HP has issued a letter to its shareholders deriding Xerox for advancing its tender offer and proposed slate of directors in the middle of the global coronavirus pandemic. Xerox said two weeks ago that it was hitting the pause button on its pursuit to acquire HP while still moving forward with its tender offer and proposed board slate.
HP's board has consistently rejected Xerox's efforts to force a combination, and now says that a merger would be even more tenuous given the current economic environment and global health crisis.

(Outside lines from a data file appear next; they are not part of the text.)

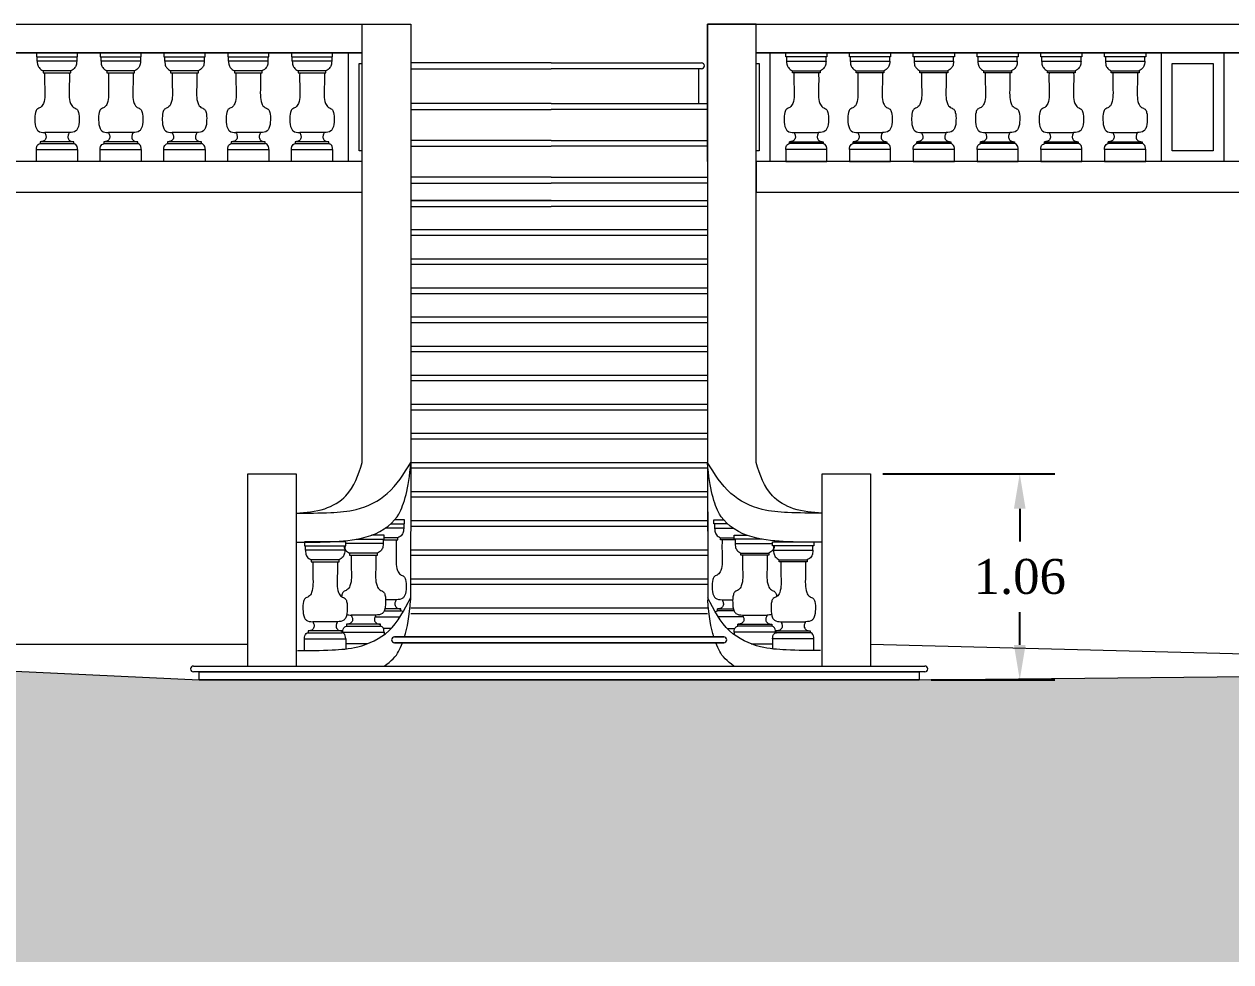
# Model space of a CAD drawing. Header units: millimetres. Extents: x -17502 to -16646, y 1856 to 2034.
# Drawn here: x -16912.18 to -16905.96, y 1865.61 to 1870.44 of the extents above; entities that cross this region are included whole.
import ezdxf

# ---------------------------------------------------------------- set-up
doc = ezdxf.new("R2010")
doc.units = ezdxf.units.MM
doc.layers.get('0').update_dxf_attribs({"lineweight": 9})
doc.layers.get('Defpoints').update_dxf_attribs({"lineweight": 9})
doc.styles.get("Standard").update_dxf_attribs({"font": 'times.ttf'})
doc.dimstyles.get("Standard").update_dxf_attribs({"dimtxt": 0.18, "dimasz": 0.18, "dimexe": 0.18, "dimexo": 0.0625, "dimgap": 0.09, "dimtad": 0, "dimtih": 1, "dimtoh": 1, "dimzin": 0, "dimdsep": 46, "dimtxsty": 'Standard', "dimcen": 0.09, "dimadec": 0, "dimazin": 0, "dimtfac": 1, "dimtofl": 0, "dimtmove": 0, "dimatfit": 3, "dimfxl": 1, "dimtolj": 1, "dimtzin": 0, "dimarcsym": 0})

# ---------------------------------------------------------------- blocks, each defined once
blk = doc.blocks.new('*D528')
at = {"color": 0, "lineweight": -2, "transparency": 16777216}
for p, q in [((-16907.7588, 1868.1227), (-16906.8722, 1868.1227)), ((-16907.0522, 1867.9427), (-16907.0522, 1867.7736)), ((-16907.0522, 1867.241), (-16907.0522, 1867.41)), ((-16907.5088, 1867.061), (-16906.8722, 1867.061))]:
    blk.add_line(p, q, dxfattribs=at)
at = {"color": 0, "lineweight": 9, "transparency": 16777216}
for points in [[(-16907.0822, 1867.9427), (-16907.0222, 1867.9427), (-16907.0522, 1868.1227)], [(-16907.0822, 1867.241), (-16907.0222, 1867.241), (-16907.0522, 1867.061)]]:
    blk.add_solid(points, dxfattribs=at)
at = {"layer": 'Defpoints', "color": 0, "lineweight": 9, "transparency": 16777216}
for p in [(-16907.8213, 1868.1227), (-16907.5713, 1867.061), (-16907.0522, 1867.061)]:
    blk.add_point(p, dxfattribs=at)
at = {"color": 0, "lineweight": 9, "transparency": 16777216, "insert": (-16907.0522, 1867.5918), "char_height": 0.18, "attachment_point": 5}
blk.add_mtext('\\A1;1.06', dxfattribs=at)

msp = doc.modelspace()

# ---------------------------------------------------------------- hatches: boundary and pattern name
at = {"lineweight": 9}
msp.add_hatch(color=254, dxfattribs=at).paths.add_polyline_path([(-16920.2863, 1868.3375), (-16915.1913, 1867.575), (-16915.1913, 1867.245), (-16911.2813, 1867.061), (-16907.5713, 1867.061), (-16902.7002, 1867.1129), (-16892.2233, 1866.8426), (-16892.2233, 1865.6063), (-16920.2863, 1865.6063)])

# ---------------------------------------------------------------- linework, layer by layer
for p, q in [((-16909.4679, 1870.2417), (-16910.1913, 1870.2417)), ((-16909.4679, 1870.2417), (-16908.6929, 1870.2417)), ((-16910.1913, 1870.2117), (-16909.4679, 1870.2117)), ((-16908.6929, 1870.2117), (-16909.4679, 1870.2117)), ((-16909.4679, 1870.0317), (-16910.1913, 1870.0317)), ((-16910.1913, 1870.0017), (-16909.4679, 1870.0017)), ((-16909.4679, 1870.0317), (-16908.6613, 1870.0317)), ((-16908.6613, 1870.0017), (-16909.4679, 1870.0017)), ((-16909.4679, 1869.8417), (-16910.1913, 1869.8417)), ((-16910.1913, 1869.8117), (-16909.4679, 1869.8117)), ((-16909.4679, 1869.8417), (-16908.6613, 1869.8417)), ((-16908.6613, 1869.8117), (-16909.4679, 1869.8117)), ((-16909.4679, 1869.6517), (-16910.1913, 1869.6517)), ((-16910.1913, 1869.6217), (-16909.4679, 1869.6217)), ((-16909.4679, 1869.6517), (-16908.6613, 1869.6517)), ((-16908.6613, 1869.6217), (-16909.4679, 1869.6217)), ((-16909.4679, 1869.5317), (-16910.1913, 1869.5317)), ((-16910.1913, 1869.5017), (-16909.4679, 1869.5017)), ((-16909.4679, 1869.5317), (-16908.6613, 1869.5317)), ((-16908.6613, 1869.5017), (-16909.4679, 1869.5017))]:
    msp.add_line(p, q, dxfattribs=at)
for points in [[(-16910.4413, 1870.2939), (-16915.2213, 1870.2939), (-16915.2213, 1870.4415), (-16910.1913, 1870.4415), (-16910.1913, 1870.2939)], [(-16910.4413, 1868.1804), (-16910.4413, 1870.4415), (-16910.1913, 1870.4415), (-16910.1913, 1868.1804)], [(-16908.6613, 1870.2939), (-16908.6613, 1870.4415), (-16903.9829, 1870.4415), (-16903.9829, 1870.2939), (-16908.4113, 1870.2939)], [(-16908.4113, 1868.1804), (-16908.4113, 1870.4415), (-16908.6613, 1870.4415), (-16908.6613, 1868.3836)], [(-16914.8696, 1870.2939), (-16912.8521, 1870.2939), (-16912.5304, 1870.2939), (-16910.5129, 1870.2939)], [(-16910.4413, 1869.7332), (-16910.5129, 1869.7332), (-16910.5129, 1870.2939), (-16910.4413, 1870.2939)], [(-16910.1913, 1870.2939), (-16910.1913, 1869.7332)], [(-16908.6613, 1869.7332), (-16908.6613, 1870.2939)], [(-16908.4113, 1870.2939), (-16908.3396, 1870.2939), (-16908.3396, 1869.7332), (-16908.4113, 1869.7332)], [(-16908.3396, 1870.2939), (-16906.3221, 1870.2939), (-16906.0004, 1870.2939), (-16903.9829, 1870.2939)], [(-16910.4413, 1869.7886), (-16910.4575, 1869.7886), (-16910.4575, 1870.2384), (-16910.4413, 1870.2384)], [(-16908.4113, 1870.2384), (-16908.395, 1870.2384), (-16908.395, 1869.7886), (-16908.4113, 1869.7886)], [(-16911.943, 1870.201), (-16912.0863, 1870.201)], [(-16911.6143, 1870.201), (-16911.7576, 1870.201)], [(-16911.2857, 1870.201), (-16911.429, 1870.201)], [(-16910.9571, 1870.201), (-16911.1004, 1870.201)], [(-16910.6285, 1870.201), (-16910.7718, 1870.201)], [(-16908.7079, 1870.2117), (-16908.7079, 1870.0317), (-16908.6613, 1870.0317)], [(-16908.2241, 1870.201), (-16908.0808, 1870.201)], [(-16907.8954, 1870.201), (-16907.7521, 1870.201)], [(-16907.5668, 1870.201), (-16907.4235, 1870.201)], [(-16907.2382, 1870.201), (-16907.0949, 1870.201)], [(-16906.9095, 1870.201), (-16906.7662, 1870.201)], [(-16906.5809, 1870.201), (-16906.4376, 1870.201)], [(-16911.9512, 1869.8821), (-16912.078, 1869.8821)], [(-16911.6226, 1869.8821), (-16911.7493, 1869.8821)], [(-16911.294, 1869.8821), (-16911.4207, 1869.8821)], [(-16910.9654, 1869.8821), (-16911.0921, 1869.8821)], [(-16910.6367, 1869.8821), (-16910.7635, 1869.8821)], [(-16908.2158, 1869.8821), (-16908.089, 1869.8821)], [(-16907.8871, 1869.8821), (-16907.7604, 1869.8821)], [(-16907.5585, 1869.8821), (-16907.4318, 1869.8821)], [(-16907.2299, 1869.8821), (-16907.1032, 1869.8821)], [(-16906.9013, 1869.8821), (-16906.7745, 1869.8821)], [(-16906.5726, 1869.8821), (-16906.4459, 1869.8821)], [(-16910.4413, 1869.7332), (-16915.1913, 1869.7332)], [(-16910.1913, 1869.5317), (-16908.6613, 1869.5317)], [(-16910.1913, 1869.3817), (-16908.6613, 1869.3817)], [(-16908.6613, 1869.3517), (-16910.1913, 1869.3517)], [(-16910.1913, 1869.2317), (-16908.6613, 1869.2317)], [(-16908.6613, 1869.2017), (-16910.1913, 1869.2017)], [(-16910.1913, 1869.0817), (-16908.6613, 1869.0817)], [(-16908.6613, 1869.0517), (-16910.1913, 1869.0517)], [(-16910.1913, 1868.9317), (-16908.6613, 1868.9317)], [(-16908.6613, 1868.9017), (-16910.1913, 1868.9017)], [(-16910.1913, 1868.7817), (-16908.6613, 1868.7817)], [(-16908.6613, 1868.7517), (-16910.1913, 1868.7517)], [(-16910.1913, 1868.6317), (-16908.6613, 1868.6317)], [(-16908.6613, 1868.6017), (-16910.1913, 1868.6017)], [(-16910.1913, 1868.4817), (-16908.6613, 1868.4817)], [(-16908.6613, 1868.4517), (-16910.1913, 1868.4517)], [(-16908.6613, 1868.3836), (-16908.66, 1867.4718)], [(-16910.1913, 1868.3317), (-16908.6613, 1868.3317)], [(-16908.6613, 1868.3017), (-16910.1913, 1868.3017)], [(-16910.1913, 1868.1817), (-16910.1925, 1867.4718)], [(-16910.1913, 1868.1817), (-16908.6613, 1868.1817)], [(-16908.661, 1868.18), (-16908.66, 1867.4718)], [(-16911.0313, 1867.1317), (-16911.0313, 1868.1227), (-16910.7813, 1868.1227), (-16910.7813, 1867.1317)], [(-16908.6613, 1868.1517), (-16910.1913, 1868.1517)], [(-16908.0713, 1867.1317), (-16908.0713, 1868.1227), (-16907.8213, 1868.1227), (-16907.8213, 1867.1317)], [(-16910.1913, 1868.0317), (-16908.6613, 1868.0317)], [(-16908.6613, 1868.0017), (-16910.1913, 1868.0017)], [(-16910.2942, 1867.8651), (-16910.2276, 1867.8651), (-16910.2276, 1867.8426), (-16910.3229, 1867.8426)], [(-16910.2942, 1867.8651), (-16910.2232, 1867.8651), (-16910.2232, 1867.8853), (-16910.2738, 1867.8853)], [(-16910.1913, 1867.8817), (-16908.6613, 1867.8817)], [(-16908.5583, 1867.8651), (-16908.6293, 1867.8651), (-16908.6293, 1867.8853), (-16908.5787, 1867.8853)], [(-16908.5583, 1867.8651), (-16908.6249, 1867.8651), (-16908.6249, 1867.8426), (-16908.5296, 1867.8426)], [(-16910.472, 1867.786), (-16910.3288, 1867.786), (-16910.3288, 1867.8062), (-16910.3929, 1867.8062)], [(-16908.6613, 1867.8517), (-16910.1913, 1867.8517)], [(-16908.3805, 1867.786), (-16908.5238, 1867.786), (-16908.5238, 1867.8062), (-16908.4596, 1867.8062)], [(-16910.5366, 1867.7719), (-16910.5366, 1867.7774)], [(-16910.472, 1867.786), (-16910.3331, 1867.786), (-16910.3331, 1867.7635), (-16910.5266, 1867.7635)], [(-16910.3331, 1867.7819), (-16910.2577, 1867.7819), (-16910.2577, 1867.7924), (-16910.3288, 1867.7924)], [(-16910.2577, 1867.7924), (-16910.3288, 1867.7924)], [(-16908.5948, 1867.7924), (-16908.5238, 1867.7924)], [(-16908.5194, 1867.7819), (-16908.5948, 1867.7819), (-16908.5948, 1867.7924), (-16908.5238, 1867.7924)], [(-16908.3805, 1867.786), (-16908.5194, 1867.786), (-16908.5194, 1867.7635), (-16908.3259, 1867.7635)], [(-16908.3159, 1867.7719), (-16908.3159, 1867.7774)], [(-16910.561, 1867.6791), (-16910.7043, 1867.6791)], [(-16910.3632, 1867.7133), (-16910.5065, 1867.7133)], [(-16910.1913, 1867.7317), (-16908.6613, 1867.7317)], [(-16908.6613, 1867.7017), (-16910.1913, 1867.7017)], [(-16908.4893, 1867.7133), (-16908.346, 1867.7133)], [(-16908.2915, 1867.6791), (-16908.1482, 1867.6791)], [(-16910.1913, 1867.5817), (-16908.6613, 1867.5817)], [(-16908.6613, 1867.5517), (-16910.1913, 1867.5517)], [(-16910.266, 1867.4735), (-16910.3206, 1867.4735)], [(-16910.1913, 1867.4317), (-16908.6613, 1867.4317)], [(-16908.5865, 1867.4735), (-16908.5319, 1867.4735)], [(-16910.3715, 1867.3944), (-16910.4982, 1867.3944)], [(-16910.3754, 1867.3856), (-16910.2459, 1867.3856)], [(-16910.3279, 1867.4168), (-16910.2421, 1867.4168), (-16910.2421, 1867.4264), (-16910.3244, 1867.4264)], [(-16908.6613, 1867.4017), (-16910.1913, 1867.4017)], [(-16908.5246, 1867.4168), (-16908.6104, 1867.4168), (-16908.6104, 1867.4264), (-16908.5281, 1867.4264)], [(-16908.4771, 1867.3856), (-16908.6067, 1867.3856)], [(-16908.481, 1867.3944), (-16908.3543, 1867.3944)], [(-16910.5693, 1867.3602), (-16910.696, 1867.3602)], [(-16910.541, 1867.3019), (-16910.541, 1867.3065), (-16910.3288, 1867.3065), (-16910.3288, 1867.2931)], [(-16910.2929, 1867.3246), (-16910.3315, 1867.3246)], [(-16908.5596, 1867.3246), (-16908.521, 1867.3246)], [(-16908.3115, 1867.3019), (-16908.3115, 1867.3065), (-16908.5238, 1867.3065), (-16908.5238, 1867.2931)], [(-16908.2832, 1867.3602), (-16908.1565, 1867.3602)], [(-16915.1913, 1867.245), (-16911.0313, 1867.245)], [(-16915.1913, 1867.245), (-16911.2813, 1867.061), (-16907.5713, 1867.061), (-16902.6218, 1867.1109)], [(-16910.7388, 1867.2113), (-16910.7388, 1867.2113), (-16910.7388, 1867.2723), (-16910.5266, 1867.2723), (-16910.5266, 1867.2199)], [(-16910.4166, 1867.2456), (-16910.5266, 1867.2456)], [(-16910.2747, 1867.2817), (-16908.5778, 1867.2817)], [(-16908.5778, 1867.2817), (-16910.2747, 1867.2817)], [(-16908.5778, 1867.2517), (-16910.2747, 1867.2517)], [(-16910.2747, 1867.2517), (-16908.5778, 1867.2517)], [(-16908.4359, 1867.2456), (-16908.3259, 1867.2456)], [(-16908.1137, 1867.2113), (-16908.1137, 1867.2113), (-16908.1137, 1867.2723), (-16908.3259, 1867.2723), (-16908.3259, 1867.2199)], [(-16907.8213, 1867.245), (-16892.2233, 1866.8426)], [(-16911.3113, 1867.1317), (-16907.5413, 1867.1317)], [(-16907.5413, 1867.1017), (-16911.3113, 1867.1017)], [(-16910.7813, 1867.061), (-16911.0313, 1867.061)], [(-16907.8213, 1867.061), (-16908.0713, 1867.061)]]:
    msp.add_lwpolyline(points, dxfattribs=at)
for points in [[(-16911.9085, 1870.2939), (-16912.1207, 1870.2939), (-16912.1207, 1870.2737), (-16911.9085, 1870.2737)], [(-16911.5799, 1870.2939), (-16911.7921, 1870.2939), (-16911.7921, 1870.2737), (-16911.5799, 1870.2737)], [(-16911.2512, 1870.2939), (-16911.4635, 1870.2939), (-16911.4635, 1870.2737), (-16911.2512, 1870.2737)], [(-16910.9226, 1870.2939), (-16911.1348, 1870.2939), (-16911.1348, 1870.2737), (-16910.9226, 1870.2737)], [(-16910.594, 1870.2939), (-16910.8062, 1870.2939), (-16910.8062, 1870.2737), (-16910.594, 1870.2737)], [(-16908.2585, 1870.2939), (-16908.0463, 1870.2939), (-16908.0463, 1870.2737), (-16908.2585, 1870.2737)], [(-16907.9299, 1870.2939), (-16907.7177, 1870.2939), (-16907.7177, 1870.2737), (-16907.9299, 1870.2737)], [(-16907.6013, 1870.2939), (-16907.389, 1870.2939), (-16907.389, 1870.2737), (-16907.6013, 1870.2737)], [(-16907.2726, 1870.2939), (-16907.0604, 1870.2939), (-16907.0604, 1870.2737), (-16907.2726, 1870.2737)], [(-16906.944, 1870.2939), (-16906.7318, 1870.2939), (-16906.7318, 1870.2737), (-16906.944, 1870.2737)], [(-16906.6154, 1870.2939), (-16906.4032, 1870.2939), (-16906.4032, 1870.2737), (-16906.6154, 1870.2737)], [(-16906.0004, 1869.7332), (-16906.3221, 1869.7332), (-16906.3221, 1870.2939), (-16906.0004, 1870.2939)], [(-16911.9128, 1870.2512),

"It is important for shareholders to understand that, under these circumstances and consistent with our fiduciary duties, we believe that we should not divert valuable time, attention and resources to a dialogue with Xerox about its proposed transaction," HP said in the shareholder letter. "Any complex, large-scale, highly leveraged transaction in the current economic environment could be disastrous for HP, its shareholders and our entire ecosystem. While we remain open-minded about M&A as a tool to add value for HP shareholders at the right time and on the right terms – it's abundantly clear that now is not that time."
HP goes on to reiterate its "deep concerns" about the capital structure reflected in Xerox's proposal, which it says would saddle HP with a level of debt that it could not support.
HP's current board remains united behind HP leadership and its rejection of Xerox's takeover bid. Earlier this year HP announced a three-year strategic and financial value creation plan meant to drive earnings growth. The plan includes a capital return program aiming to return $16 billion to HP shareholders during fiscal 2020 to fiscal 2022. At the same time, HP said it was reaching out to Xerox "to explore if there is a combination that creates value for HP shareholders that is additive to HP's strategic and financial plan."